[Data records]

-- Opening Marker --

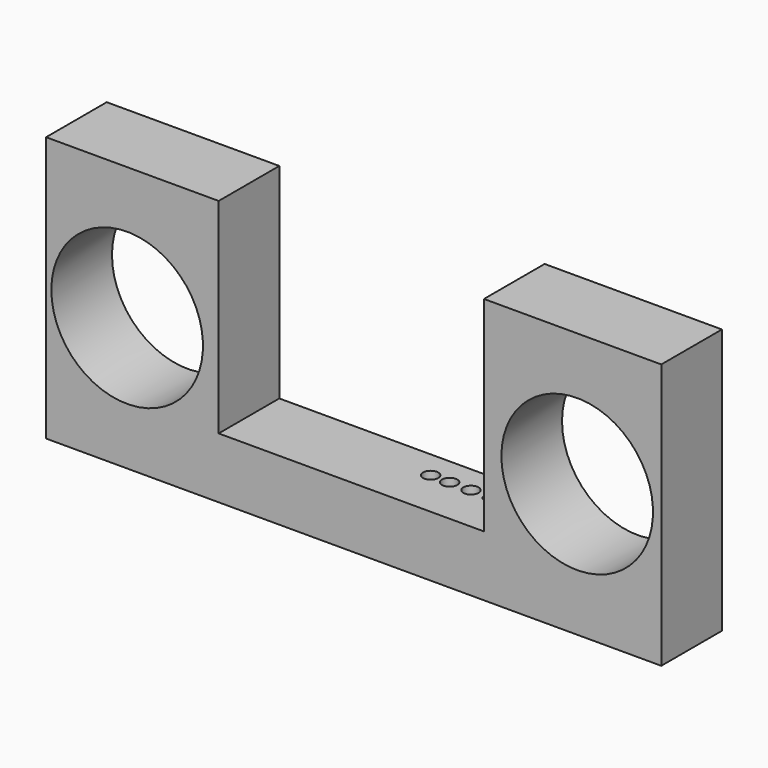
from build123d import *

# Parameters (mm, degrees)
F0_W        = 206.1404287815
F0_H        = 88.9
F1_DEPTH    = 25.4
F4_D        = 50.8
F4_ON_F3_D  = 50.8
F5_W        = 88.9
F5_H        = 68.58
F6_DEPTH    = 25.401
F7_T        = 6.35
F7_T3_DEPTH = 38.1
F9_D        = 5.08
F9_DEPTH    = 3.175
F9_TIP      = 1.5261859723


# Not quite as in the source:
# - a shell that OpenCascade refuses in one call is made with other operations: the cavity is built on its own and cut out


with BuildPart() as f1:
    # F0 (on Front) → F1 (new body)
    with BuildSketch(Plane.XZ):
        Rectangle(F0_W, F0_H)
    extrude(amount=F1_DEPTH)

    # F4 (through all)
    with Locations(Plane.XZ.offset(25.4)):
        with Locations((-75.905919075, 0)):
            Hole(F4_D / 2)

    # F4 on F3 (through all)
    with Locations(Plane.XZ.offset(25.4)):
        with Locations((74.8937055469, 0)):
            Hole(F4_ON_F3_D / 2)

    # F5 (on face) → F6 (cut, through all)
    with BuildSketch(Plane.XZ.offset(25.4)):
        with Locations((-0.7901638031, 10.16)):
            Rectangle(F5_W, F5_H)
    extrude(amount=-F6_DEPTH, mode=Mode.SUBTRACT)

    # F7: shell of thickness 6.35, made by hand


with BuildPart() as f7_core1:
    # F7_t2: copy of F1
    add(f1.part)

    # the walls: a layer under each face that stays
    f7_faces = [f7_core1.faces().sort_by_distance(p)[0] for p in [
        (0, -12.7, -44.45),
        (-103.0702143908, -12.7, 0),
        (103.0702143908, -12.7, 0),
        (-68.7134762605, -25.4, -29.6333333333),
        (-74.1551890969, -12.7, 44.45),
        (73.3650252938, -12.7, 44.45),
        (-45.2401638031, -12.7, 10.16),
        (-0.7901638031, -12.7, -24.13),
        (43.6598361969, -12.7, 10.16),
        (-101.305919075, -12.7, 0),
        (49.4937055469, -12.7, 0),
    ]]
    thicken(f7_faces, amount=-F7_T, mode=Mode.SUBTRACT)

    # F7_s4 → F7_t3 (cut)
    with BuildSketch(Plane.XZ.offset(-6.35)):
        Polygon((-45.1766638031, -24.0665), (-51.5901638031, -24.13), (-51.5901638031, -30.48), (-45.2401638031, -30.48), align=None)
        Polygon((43.5963361969, -24.0665), (43.6598361969, -30.48), (50.0098361969, -30.48), (50.0098361969, -24.13), align=None)
    extrude(amount=F7_T3_DEPTH, mode=Mode.SUBTRACT)


with BuildPart() as f1_1:
    add(f1.part)

    # what is left inside the walls is the cavity
    f7_cavity = [f7_core1.part.solids().sort_by_distance(p)[0] for p in [
        (0, -12.7, -38.0365),
        (-73.404336, -6.35, 31.714994),
        (72.62573, -6.35, 31.732555),
    ]]
    add(f7_cavity, mode=Mode.SUBTRACT)

    # F9
    with Locations(Plane.XY.offset(-24.13)):
        with Locations((40.6420230865, -9.2453807592), (33.507373184, -9.2453807592), (26.3727232814, -9.2453807592), (19.2380733788, -9.2453807592), (12.8678502515, -9.2453807592)):
            Hole(F9_D / 2, depth=F9_DEPTH)
            with Locations((0, 0, -(F9_DEPTH + F9_TIP / 2))):  # 118° drill point
                Cone(0, F9_D / 2, F9_TIP, mode=Mode.SUBTRACT)


solid = f1_1.part

-- Closing Marker --

Work to be completed: Carry over each record above character for character, with the pictures left out.

Exercise solution:
from build123d import *

# Parameters (mm, degrees)
F0_W        = 206.1404287815
F0_H        = 88.9
F1_DEPTH    = 25.4
F4_D        = 50.8
F4_ON_F3_D  = 50.8
F5_W        = 88.9
F5_H        = 68.58
F6_DEPTH    = 25.401
F7_T        = 6.35
F7_T3_DEPTH = 38.1
F9_D        = 5.08
F9_DEPTH    = 3.175
F9_TIP      = 1.5261859723


# Not quite as in the source:
# - a shell that OpenCascade refuses in one call is made with other operations: the cavity is built on its own and cut out


with BuildPart() as f1:
    # F0 (on Front) → F1 (new body)
    with BuildSketch(Plane.XZ):
        Rectangle(F0_W, F0_H)
    extrude(amount=F1_DEPTH)

    # F4 (through all)
    with Locations(Plane.XZ.offset(25.4)):
        with Locations((-75.905919075, 0)):
            Hole(F4_D / 2)

    # F4 on F3 (through all)
    with Locations(Plane.XZ.offset(25.4)):
        with Locations((74.8937055469, 0)):
            Hole(F4_ON_F3_D / 2)

    # F5 (on face) → F6 (cut, through all)
    with BuildSketch(Plane.XZ.offset(25.4)):
        with Locations((-0.7901638031, 10.16)):
            Rectangle(F5_W, F5_H)
    extrude(amount=-F6_DEPTH, mode=Mode.SUBTRACT)

    # F7: shell of thickness 6.35, made by hand


with BuildPart() as f7_core1:
    # F7_t2: copy of F1
    add(f1.part)

    # the walls: a layer under each face that stays
    f7_faces = [f7_core1.faces().sort_by_distance(p)[0] for p in [
        (0, -12.7, -44.45),
        (-103.0702143908, -12.7, 0),
        (103.0702143908, -12.7, 0),
        (-68.7134762605, -25.4, -29.6333333333),
        (-74.1551890969, -12.7, 44.45),
        (73.3650252938, -12.7, 44.45),
        (-45.2401638031, -12.7, 10.16),
        (-0.7901638031, -12.7, -24.13),
        (43.6598361969, -12.7, 10.16),
        (-101.305919075, -12.7, 0),
        (49.4937055469, -12.7, 0),
    ]]
    thicken(f7_faces, amount=-F7_T, mode=Mode.SUBTRACT)

    # F7_s4 → F7_t3 (cut)
    with BuildSketch(Plane.XZ.offset(-6.35)):
        Polygon((-45.1766638031, -24.0665), (-51.5901638031, -24.13), (-51.5901638031, -30.48), (-45.2401638031, -30.48), align=None)
        Polygon((43.5963361969, -24.0665), (43.6598361969, -30.48), (50.0098361969, -30.48), (50.0098361969, -24.13), align=None)
    extrude(amount=F7_T3_DEPTH, mode=Mode.SUBTRACT)


with BuildPart() as f1_1:
    add(f1.part)

    # what is left inside the walls is the cavity
    f7_cavity = [f7_core1.part.solids().sort_by_distance(p)[0] for p in [
        (0, -12.7, -38.0365),
        (-73.404336, -6.35, 31.714994),
        (72.62573, -6.35, 31.732555),
    ]]
    add(f7_cavity, mode=Mode.SUBTRACT)

    # F9
    with Locations(Plane.XY.offset(-24.13)):
        with Locations((40.6420230865, -9.2453807592), (33.507373184, -9.2453807592), (26.3727232814, -9.2453807592), (19.2380733788, -9.2453807592), (12.8678502515, -9.2453807592)):
            Hole(F9_D / 2, depth=F9_DEPTH)
            with Locations((0, 0, -(F9_DEPTH + F9_TIP / 2))):  # 118° drill point
                Cone(0, F9_D / 2, F9_TIP, mode=Mode.SUBTRACT)


solid = f1_1.part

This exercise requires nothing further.